Ce n'est ni le premier ni le dernier film sur Rousse. Le FIFA a ce malin don de brasser les mêmes sujets sans s'épuiser. Cette année, les sculpteurs britanniques Caro, Calder et Kapoor bénéficient de nouveaux regards. Brancusi aussi, que l'on suit dans ses terres natales roumaines, puis Beckmann, dans sa fuite de l'Allemagne nazie.

Télé oblige, le petit écran étant un des seuls débouchés, les portraits ont souvent une facture trop conformiste. Ainsi en est-il du Richard Serra: Man of Steel, pas inintéressant, mais lourd et maniéré, guidé par l'animateur de la BBC, Alan Yentob. Parmi les autres célébrités au programme, notons Cindy Sherman et, côté canadian art, Jeff Wall et le presque centenaire Alex Colville. Ou le film, tout neuf, consacré à General Idea (Art, Aids and The Fin de Siècle), relégué cependant dans l'arrière-cour, section Arts médiatiques. Il est vrai que dans cette grande vitrine à la vidéo, toujours coordonnée par Nicole Gingras, un hommage est rendu au défunt collectif torontois (six oeuvres de son cru).

En documents historiques, se démarque Varian Fry, «passeur d'artistes», consacré à un homme qui sauva les Chagall, Ernst et Breton de la prise nazie. Plus controversé, Je ne suis pas moi-même est une rare enquête sur le marché d'antiquités africaines. M. Cirque du Soleil appréciera-t-il?

La collection, comme sujet, est de nouveau au rendez-vous. Cultivating the Desert nous mène à Dubaï, la nouvelle Mecque de l'art, alors que Tous pour l'art semble être un produit dérivé de l'exposition que le Musée des beaux-arts de Montréal consacrait aux collectionneurs d'ici.

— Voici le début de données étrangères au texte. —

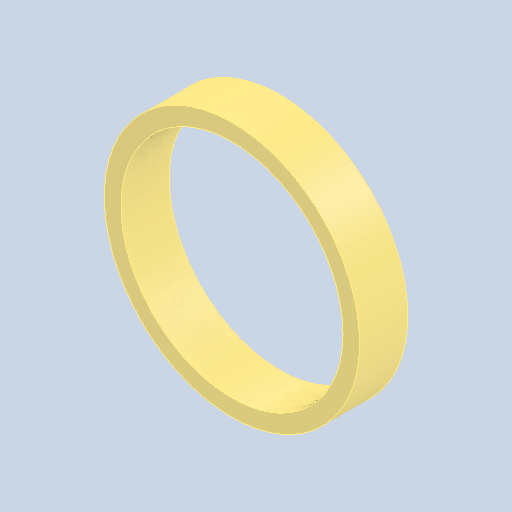
# Autodesk Inventor part: TH22_Urethane_roller_sn
Saved by Autodesk Inventor 2025.1 (Build 291241000, 241)
## iProperties
Created: 2021-11-15
Part Number: TH22_Urethane_roller_sn
Material: ポリスチレン
Document SubType Name: Modeling
Designer: 中島 青蔵
Density: 1.021 g/cm^3
Appearance: 光沢 - ゴールド
Author: 中島 青蔵
Autodesk Inventor part; units mm, degrees
ref_plane "YZ Plane" through (0, 0, 0) normal (1, 0, 0) x (0, 1, 0)
ref_plane "XZ Plane" through (0, 0, 0) normal (0, 1, 0) x (-1, 0, 0)
ref_plane "XY Plane" through (0, 0, 0) normal (0, 0, 1) x (1, 0, 0)
sketch "スケッチ1" plane through (0, 0, 0) normal (0, 0, 1) x (1, 0, 0)
  circle A0 centre (0, 0) radius 67
  circle A1 centre (0, 0) radius 77
  dimension "d0" = 134
  dimension "d1" = 154
  constraints: 2 centre point, 2 coincident
  measures "d0" diameter of A0
  measures "d1" diameter of A1
extrude "押し出し1" add sketch "スケッチ1" along normal blind 29
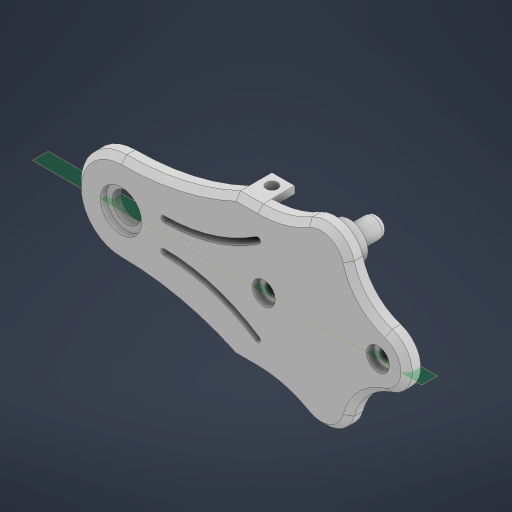
# Autodesk Inventor part: Bearing_Arm_2
Saved by Autodesk Inventor 2024.2 (Build 282272000, 272)
## iProperties
Created: 2024-04-12
Part Number: Bearing_Arm_2
Material: Generic
Document SubType Name: Modeling
Designer: CJ110
Density: 1 g/cm^3
Appearance: Default
Author: CJ110
## iProperties of the stored document Bearing_Arm_3DPrint.ipt
Created: 2024-04-12
Part Number: Bearing_Arm_3DPrint
Material: Generic
Document SubType Name: Modeling
Designer: jerem
Density: 1 g/cm^3
Appearance: Default
Author: jerem
Autodesk Inventor part; units mm, degrees
ref_plane "YZ Plane" through (0, 0, 0) normal (1, 0, 0) x (0, 1, 0)
ref_plane "XZ Plane" through (0, 0, 0) normal (0, 1, 0) x (-1, 0, 0)
ref_plane "XY Plane" through (0, 0, 0) normal (0, 0, 1) x (1, 0, 0)
sketch "Sketch1" plane through (0, 0, 0) normal (0, 0, 1) x (1, 0, 0)
  circle A0 centre (0, 0) radius 5.08
  arc A1 (0, 16) -> (0, -16) centre (0, 0) ccw
  line L0 (0, 16) -> (99.4033, 16)
  line L1 (99.4033, 16) -> (99.4033, -16)
  line L2 (99.4033, -16) -> (0, -16)
  line L3 (0, -16) -> (0, 16) construction
  line L4 (39.8634, 25) -> (99.4033, 25)
  line L5 (99.4033, 25) -> (99.4033, -25)
  line L6 (99.4033, -25) -> (39.8634, -25)
  line L7 (39.8634, -25) -> (39.8634, 25)
  arc A2 (39.8634, -25) -> (0, -16) centre (0, -108.7828) ccw
  arc A3 (0, 16) -> (39.8634, 25) centre (0, 108.7828) ccw
  circle A4 centre (50.0625, 0) radius 2
  circle A5 centre (90.0625, 0) radius 2
  line L8 (-16, 0) -> (99.4033, 0) construction
  point P0 (39.8634, 0)
  dimension "d1" = 10.16
  dimension "d3" = 50
  dimension "d4" = 59.5399
  dimension "d12" = 4
  dimension "d13" = 40
  dimension "d14" = 50.0625
  dimension "d15" = 9.3408
  dimension "d44" = 16
  constraints: 18 end point, 7 point on circle, 6 centre point, 4 parallel, 3 coincident, 3 horizontal, 3 midpoint, 3 tangent, 2 perpendicular, 2 point on line, 1 collinear, 1 equal radius, 1 horizontal alignment
  measures "d1" diameter of A0
  measures "d3" distance between parallel lines of L6 L4
  measures "d4" distance between parallel lines of L5 L7
  measures "d12" diameter of A5
  measures "d13" distance of A4.centre A5.centre
  measures "d14" distance of A0.centre A4.centre
  measures "d15" distance from line of L1 A5.centre
  measures "d44" radius of A1
extrude "Extrusion1" add sketch "Sketch1" along normal blind 5
ref_plane "Work Plane1" through (39.8634, 0, 0) normal (0, -1, 0) x (1, 0, 0)
sketch "Sketch4" plane through (0, 0, 5) normal (0, 0, 1) x (1, 0, 0)
  arc A0 (15, 6) -> (47.3064, 15.8305) centre (15, 64.0002) ccw
  arc A1 (15, 4) -> (48.4204, 14.1695) centre (15, 64.0002) ccw
  circle A2 centre (47.8634, 15) radius 1
  circle A3 centre (15, 5) radius 1
  arc A4 (0, 16) -> (39.8634, 25) centre (0, 108.7828) ccw projected
  line L0 (99.4033, 25) -> (39.8634, 25) projected
  line L1 (122.484, 0) -> (-39.0807, 0) projected
  line L2 (15, 4) -> (47.8634, 4) construction
  point P0 (0, 0)
  dimension "d16" = 2
  dimension "d17" = 10
  dimension "d18" = 8
  dimension "d19" = 15
  dimension "d20" = 5
  constraints: 8 point on circle, 5 tangent, 4 centre point, 2 end point, 1 concentric, 1 equal radius, 1 horizontal, 1 vertical alignment
  measures "d16" diameter of A2
  measures "d17" distance from line of L0 A2.centre
  measures "d18" horizontal distance of L0.end A2.centre
  measures "d19" horizontal distance of point (0, 0) A3.centre
  measures "d20" distance from line of L1 A3.centre
extrude "Extrusion3" cut sketch "Sketch4" against normal through all
mirror "Mirror1" about plane through (39.8634, 0, 0) normal (0, -1, 0) of "Extrusion3"
sketch "Sketch5" plane through (0, 0, 0) normal (0, 0, -1) x (-1, 0, 0)
  arc A0 (-15, -4) -> (-48.4204, -14.1695) centre (-15, -64.0002) ccw projected
  arc A1 (-15, -6) -> (-15, -4) centre (-15, -5) ccw projected
  arc A2 (-15, -6) -> (-47.3064, -15.8305) centre (-15, -64.0002) ccw projected
  arc A3 (-48.4204, -14.1695) -> (-47.3064, -15.8305) centre (-47.8634, -15) ccw projected
  arc A4 (-47.3064, 15.8305) -> (-15, 6) centre (-15, 64.0002) ccw projected
  arc A5 (-15, 4) -> (-15, 6) centre (-15, 5) ccw projected
  arc A6 (-48.4204, 14.1695) -> (-15, 4) centre (-15, 64.0002) ccw projected
  arc A7 (-47.3064, 15.8305) -> (-48.4204, 14.1695) centre (-47.8634, 15) ccw projected
  arc A8 (0, -16) -> (0, 16) centre (0, 0) ccw projected
  arc A9 (-39.8634, 25) -> (0, 16) centre (0, 108.7828) ccw projected
  line L0 (-99.4033, 25) -> (-39.8634, 25) projected
  line L1 (-99.4033, -25) -> (-99.4033, 25) projected
  line L2 (-39.8634, -25) -> (-99.4033, -25) projected
  arc A10 (0, -16) -> (-39.8634, -25) centre (0, -108.7828) ccw projected
  circle A11 centre (-50.0625, 0) radius 2 projected
  circle A12 centre (-90.0625, 0) radius 2 projected
  circle A13 centre (0, 0) radius 5.08 projected
  line L3 (-39.8634, 25) -> (-47.8634, 25)
  line L4 (-47.8634, 25) -> (-47.8634, 22.5)
  line L5 (-47.8634, 22.5) -> (-39.8634, 22.5)
  line L6 (-39.8634, 22.5) -> (-39.8634, 25)
  dimension "d23" = 8
  dimension "d24" = 2.5
  constraints: 8 end point, 2 parallel, 1 horizontal, 1 perpendicular
  measures "d23" distance of L4.end L5.end
  measures "d24" distance of L3.end L4.end
extrude "Extrusion4" add sketch "Sketch5" along normal blind 8 contours L6 L5 L4 L0
sketch "Sketch6" plane through (39.8634, 25, 5) normal (0, 1, 0) x (1, 0, 0)
  line L0 (59.5399, 5) -> (8, 5) projected
  line L1 (8, 5) -> (8, 13) projected
  line L2 (0, 13) -> (8, 13) projected
  line L3 (0, 5) -> (0, 13) projected
  line L4 (0, 5) -> (0, 0) projected
  line L5 (59.5399, 0) -> (0, 0) projected
  line L6 (59.5399, 5) -> (59.5399, 0) projected
  circle A0 centre (4, 9) radius 2
  line L7 (4, 13) -> (4, 9) construction
  point P0 (-39.8634, 5)
  dimension "d27" = 4
  dimension "d28" = 4
  constraints: 2 end point, 1 centre point, 1 midpoint, 1 vertical
  measures "d27" distance from line of L2 L7.end
  measures "d28" diameter of A0
extrude "Extrusion5" cut sketch "Sketch6" against normal up to next contours A0
mirror "Mirror2" about plane through (39.8634, 0, 0) normal (0, -1, 0) of "Extrusion4", "Extrusion5"
sketch "Sketch7" plane through (0, 0, 0) normal (0, 0, -1) x (-1, 0, 0)
  circle A0 centre (0, 0) radius 5.08 projected
  circle A1 centre (-90.0625, 0) radius 2 projected
  circle A2 centre (-50.0625, 0) radius 2 projected
  arc A3 (-47.3064, 15.8305) -> (-15, 6) centre (-15, 64.0002) ccw projected
  arc A4 (-15, 4) -> (-15, 6) centre (-15, 5) ccw projected
  arc A5 (-48.4204, 14.1695) -> (-15, 4) centre (-15, 64.0002) ccw projected
  arc A6 (-47.3064, 15.8305) -> (-48.4204, 14.1695) centre (-47.8634, 15) ccw projected
  arc A7 (-15, -4) -> (-48.4204, -14.1695) centre (-15, -64.0002) ccw projected
  arc A8 (-15, -6) -> (-15, -4) centre (-15, -5) ccw projected
  arc A9 (-15, -6) -> (-47.3064, -15.8305) centre (-15, -64.0002) ccw projected
  arc A10 (-48.4204, -14.1695) -> (-47.3064, -15.8305) centre (-47.8634, -15) ccw projected
  line L0 (-47.8634, -25) -> (-47.8634, -22.5) projected
  line L1 (-47.8634, -22.5) -> (-39.8634, -22.5) projected
  line L2 (-39.8634, -22.5) -> (-39.8634, -25) projected
  arc A11 (0, -16) -> (-39.8634, -25) centre (0, -108.7828) ccw projected
  arc A12 (0, -16) -> (0, 16) centre (0, 0) ccw projected
  arc A13 (-39.8634, 25) -> (0, 16) centre (0, 108.7828) ccw projected
  line L3 (-39.8634, 25) -> (-39.8634, 22.5) projected
  line L4 (-39.8634, 22.5) -> (-47.8634, 22.5) projected
  line L5 (-47.8634, 22.5) -> (-47.8634, 25) projected
  line L6 (-99.4033, 25) -> (-47.8634, 25) projected
  line L7 (-99.4033, -25) -> (-99.4033, 25) projected
  line L8 (-47.8634, -25) -> (-99.4033, -25) projected
  circle A14 centre (-70.0625, 21) radius 10
  arc A15 (-65.0249, 29.6384) -> (-47.8634, 25) centre (-47.8634, 59.0667) ccw
  line L9 (-99.4033, 25) -> (-47.8634, 25) projected
  line L10 (39.0807, 0) -> (-122.484, 0) projected
  line L11 (-70.0625, -25) -> (-70.0625, 21) construction
  line L12 (-90.0625, 0) -> (-50.0625, 0) construction
  line L13 (0, 16) -> (-99.4033, 16) construction
  arc A16 (-99.4033, 16) -> (-78.1686, 26.8559) centre (-99.4033, 42.1961) ccw
  point P0 (-92.2616, 25)
  point P1 (-75.1001, 29.6384)
  point P2 (-70.0625, 0)
  point P3 (-60.8973, 25)
  point P4 (-79.2277, 25)
  point P5 (-79.6415, 25)
  dimension "d31" = 20
  dimension "d32" = 21
  constraints: 7 point on circle, 6 end point, 5 tangent, 4 point on line, 3 centre point, 2 perpendicular, 1 coincident, 1 collinear, 1 midpoint, 1 vertical
  measures "d31" diameter of A14
  measures "d32" distance from line of L10 A14.centre
extrude "Extrusion6" add sketch "Sketch7" against normal up to surface (5 mm away) contours L6 A14 A15 | L6 A14 | A16 A14 L6 picked at (-67.4658, 26.7505)
sketch "Sketch8" plane through (0, 0, 0) normal (0, 0, -1) x (-1, 0, 0)
  circle A0 centre (0, 0) radius 5.08 projected
  circle A1 centre (-90.0625, 0) radius 2 projected
  circle A2 centre (-50.0625, 0) radius 2 projected
  arc A3 (-47.3064, 15.8305) -> (-15, 6) centre (-15, 64.0002) ccw projected
  arc A4 (-15, 4) -> (-15, 6) centre (-15, 5) ccw projected
  arc A5 (-48.4204, 14.1695) -> (-15, 4) centre (-15, 64.0002) ccw projected
  arc A6 (-47.3064, 15.8305) -> (-48.4204, 14.1695) centre (-47.8634, 15) ccw projected
  arc A7 (-15, -4) -> (-48.4204, -14.1695) centre (-15, -64.0002) ccw projected
  arc A8 (-15, -6) -> (-15, -4) centre (-15, -5) ccw projected
  arc A9 (-15, -6) -> (-47.3064, -15.8305) centre (-15, -64.0002) ccw projected
  arc A10 (-48.4204, -14.1695) -> (-47.3064, -15.8305) centre (-47.8634, -15) ccw projected
  line L0 (-47.8634, -25) -> (-47.8634, -22.5) projected
  line L1 (-47.8634, -22.5) -> (-39.8634, -22.5) projected
  line L2 (-39.8634, -22.5) -> (-39.8634, -25) projected
  arc A11 (0, -16) -> (-39.8634, -25) centre (0, -108.7828) ccw projected
  arc A12 (0, -16) -> (0, 16) centre (0, 0) ccw projected
  arc A13 (-39.8634, 25) -> (0, 16) centre (0, 108.7828) ccw projected
  line L3 (-39.8634, 25) -> (-39.8634, 22.5) projected
  line L4 (-39.8634, 22.5) -> (-47.8634, 22.5) projected
  line L5 (-47.8634, 22.5) -> (-47.8634, 25) projected
  arc A14 (-65.0249, 29.6384) -> (-47.8634, 25) centre (-47.8634, 59.0667) ccw projected
  arc A15 (-65.0249, 29.6384) -> (-78.1686, 26.8559) centre (-70.0625, 21) ccw projected
  line L6 (-99.4033, 25) -> (-79.6415, 25) projected
  line L7 (-99.4033, -25) -> (-99.4033, 25) projected
  line L8 (-47.8634, -25) -> (-99.4033, -25) projected
  circle A16 centre (-70.0625, 21) radius 6.5
  arc A17 (-79.6415, 25) -> (-78.1686, 26.8559) centre (-99.4033, 42.1961) ccw projected
  dimension "d35" = 13
  constraints: 1 centre point, 1 coincident
  measures "d35" diameter of A16
extrude "Extrusion7" add sketch "Sketch8" along normal blind 5 contours A16
sketch "Sketch9" plane through (70.0625, 21, -5) normal (0, 0, -1) x (-1, 0, 0)
  circle A0 centre (0, 0) radius 3.5
  circle A1 centre (0, 0) radius 6.5 projected
  point P0 (70.0625, -21)
  dimension "d38" = 7
  constraints: 1 centre point, 1 coincident
  measures "d38" diameter of A0
extrude "Extrusion8" add sketch "Sketch9" along normal blind 10 contours A0
fillet "Fillet1" radius 2 1 edges at (73.5625, 21, -15)
extrude "Extrusion9" cut sketch "Sketch7" against normal through all contours L7 L6 A16
mirror "Mirror3" about plane through (39.8634, 0, 0) normal (0, -1, 0) of "Extrusion6", "Extrusion7", "Extrusion8", "Fillet1", "Extrusion9"
sketch "Sketch10" plane through (0, 0, 5) normal (0, 0, 1) x (1, 0, 0)
  arc A0 (48.4204, -14.1695) -> (15, -4) centre (15, -64.0002) ccw projected
  arc A1 (47.3064, -15.8305) -> (48.4204, -14.1695) centre (47.8634, -15) ccw projected
  arc A2 (47.3064, -15.8305) -> (15, -6) centre (15, -64.0002) ccw projected
  arc A3 (15, -4) -> (15, -6) centre (15, -5) ccw projected
  arc A4 (15, 6) -> (47.3064, 15.8305) centre (15, 64.0002) ccw projected
  arc A5 (48.4204, 14.1695) -> (47.3064, 15.8305) centre (47.8634, 15) ccw projected
  arc A6 (15, 4) -> (48.4204, 14.1695) centre (15, 64.0002) ccw projected
  arc A7 (15, 6) -> (15, 4) centre (15, 5) ccw projected
  arc A8 (99.4033, -16) -> (78.1686, -26.8559) centre (99.4033, -42.1961) ccw projected
  line L0 (99.4033, -16) -> (99.4033, 16) projected
  arc A9 (78.1686, 26.8559) -> (99.4033, 16) centre (99.4033, 42.1961) ccw projected
  line L1 (47.8634, 25) -> (39.8634, 25) projected
  arc A10 (78.1686, 26.8559) -> (65.0249, 29.6384) centre (70.0625, 21) ccw projected
  arc A11 (47.8634, 25) -> (65.0249, 29.6384) centre (47.8634, 59.0667) ccw projected
  arc A12 (0, 16) -> (39.8634, 25) centre (0, 108.7828) ccw projected
  arc A13 (0, 16) -> (0, -16) centre (0, 0) ccw projected
  arc A14 (39.8634, -25) -> (0, -16) centre (0, -108.7828) ccw projected
  line L2 (39.8634, -25) -> (47.8634, -25) projected
  arc A15 (65.0249, -29.6384) -> (47.8634, -25) centre (47.8634, -59.0667) ccw projected
  arc A16 (65.0249, -29.6384) -> (78.1686, -26.8559) centre (70.0625, -21) ccw projected
  circle A17 centre (50.0625, 0) radius 2 projected
  circle A18 centre (90.0625, 0) radius 2 projected
  circle A19 centre (0, 0) radius 5.08 projected
  circle A20 centre (50.0625, 0) radius 4
  circle A21 centre (90.0625, 0) radius 4
  dimension "d45" = 8
  constraints: 2 centre point, 2 coincident, 1 equal radius
  measures "d45" diameter of A21
extrude "Extrusion10" cut sketch "Sketch10" against normal blind 2.5 contours A20 | A21
sketch "Sketch11" plane through (0, 0, 5) normal (0, 0, 1) x (1, 0, 0)
  circle A0 centre (0, 0) radius 7.235
  dimension "d48" = 14.47
  constraints: 1 centre point, 1 coincident
  measures "d48" diameter of A0
extrude "Extrusion11" cut sketch "Sketch11" against normal blind 2
sketch "Sketch12" plane through (0, 0, 0) normal (0, 0, -1) x (-1, 0, 0)
  circle A0 centre (-70.0625, 21) radius 1.5 projected
  circle A1 centre (-70.0625, 21) radius 10
  circle A2 centre (-90.0625, 0) radius 2 projected
  circle A3 centre (-90.0625, 0) radius 10
  circle A4 centre (-70.0625, -21) radius 1.5 projected
  circle A5 centre (-70.0625, -21) radius 10
  circle A6 centre (-90.0625, 0) radius 2
  arc A7 (-79.7352, -23.5375) -> (-93.0685, -9.5375) centre (-99.0806, -28.6125) ccw
  arc A8 (-93.0685, 9.5375) -> (-79.7352, 23.5375) centre (-99.0806, 28.6125) ccw
  arc A9 (-78.1686, -26.8559) -> (-99.4033, -16) centre (-99.4033, -42.1961) ccw projected
  arc A10 (-78.1686, -26.8559) -> (-65.0249, -29.6384) centre (-70.0625, -21) ccw projected
  arc A11 (-47.8634, -25) -> (-65.0249, -29.6384) centre (-47.8634, -59.0667) ccw projected
  line L0 (-47.8634, -25) -> (-47.8634, -22.5) projected
  line L1 (-47.8634, -22.5) -> (-39.8634, -22.5) projected
  line L2 (-39.8634, -22.5) -> (-39.8634, -25) projected
  arc A12 (0, -16) -> (-39.8634, -25) centre (0, -108.7828) ccw projected
  arc A13 (0, -16) -> (0, 16) centre (0, 0) ccw projected
  arc A14 (-39.8634, 25) -> (0, 16) centre (0, 108.7828) ccw projected
  line L3 (-39.8634, 25) -> (-39.8634, 22.5) projected
  line L4 (-39.8634, 22.5) -> (-47.8634, 22.5) projected
  line L5 (-47.8634, 22.5) -> (-47.8634, 25) projected
  arc A15 (-65.0249, 29.6384) -> (-47.8634, 25) centre (-47.8634, 59.0667) ccw projected
  arc A16 (-65.0249, 29.6384) -> (-78.1686, 26.8559) centre (-70.0625, 21) ccw projected
  arc A17 (-99.4033, 16) -> (-78.1686, 26.8559) centre (-99.4033, 42.1961) ccw projected
  line L6 (-99.4033, -16) -> (-99.4033, 16) projected
  circle A18 centre (-70.0625, -21) radius 6.5 projected
  circle A19 centre (-70.0625, 21) radius 6.5 projected
  circle A20 centre (0, 0) radius 5.08 projected
  circle A21 centre (-90.0625, 0) radius 2 projected
  circle A22 centre (-50.0625, 0) radius 2 projected
  arc A23 (-47.3064, 15.8305) -> (-15, 6) centre (-15, 64.0002) ccw projected
  arc A24 (-15, 4) -> (-15, 6) centre (-15, 5) ccw projected
  arc A25 (-48.4204, 14.1695) -> (-15, 4) centre (-15, 64.0002) ccw projected
  arc A26 (-47.3064, 15.8305) -> (-48.4204, 14.1695) centre (-47.8634, 15) ccw projected
  arc A27 (-15, -4) -> (-48.4204, -14.1695) centre (-15, -64.0002) ccw projected
  arc A28 (-15, -6) -> (-15, -4) centre (-15, -5) ccw projected
  arc A29 (-15, -6) -> (-47.3064, -15.8305) centre (-15, -64.0002) ccw projected
  arc A30 (-48.4204, -14.1695) -> (-47.3064, -15.8305) centre (-47.8634, -15) ccw projected
  point P0 (-99.4033, -3.5706)
  point P1 (-99.4033, 3.5706)
  dimension "d54" = 20
  dimension "d56" = 20
  dimension "d55" = 20
  dimension "d57" = 4
  dimension "d58" = 20
  dimension "d59" = 20
  constraints: 6 point on circle, 4 centre point, 4 coincident, 2 tangent, 8 other
  measures "d55" diameter of A3
  measures "d57" diameter of A6
  measures "d58" radius of A8
  measures "d59" radius of A7
extrude "Extrusion12" cut sketch "Sketch12" against normal blind 10 contours A8 A3 L6 A17 A1 | A7 A5 A9 L6 A3
extrude "Extrusion13" add sketch "Sketch12" against normal up to surface (5 mm away) contours L6 A3 picked at (-99.5984, 0.4047)
chamfer "Chamfer1" distance 2 angle 45 5 edges at (20.4334, 18.278, 5) (-16, 0, 5) (20.4334, -18.278, 5) (43.8634, 25, 5) (43.8634, -25, 5)
equation "\"d59\" = d58"
body "Solid1"

Côté local, mieux vaut, peut-être, Le Colombo de l'art, sur le travail du détective Alain Lacoursière, ou encore, des films sur des artistes. André Cornellier traque le photographe Michael Flomen, dont la particularité est d'oeuvrer la nuit sans... caméra. Sans frontières, de Doina Harap, est un portrait du peintre Peter Krausz. Marie-Hélène Allain en dialogue avec la pierre est de l'Acadien Rodolphe Caron. Celui-ci participera à une table ronde, mardi à la Cinémathèque, portant sur une question essentielle au film d'art et pourtant rarement abordée au FIFA: quel art domine, celui du réalisateur ou celui de l'artiste filmé?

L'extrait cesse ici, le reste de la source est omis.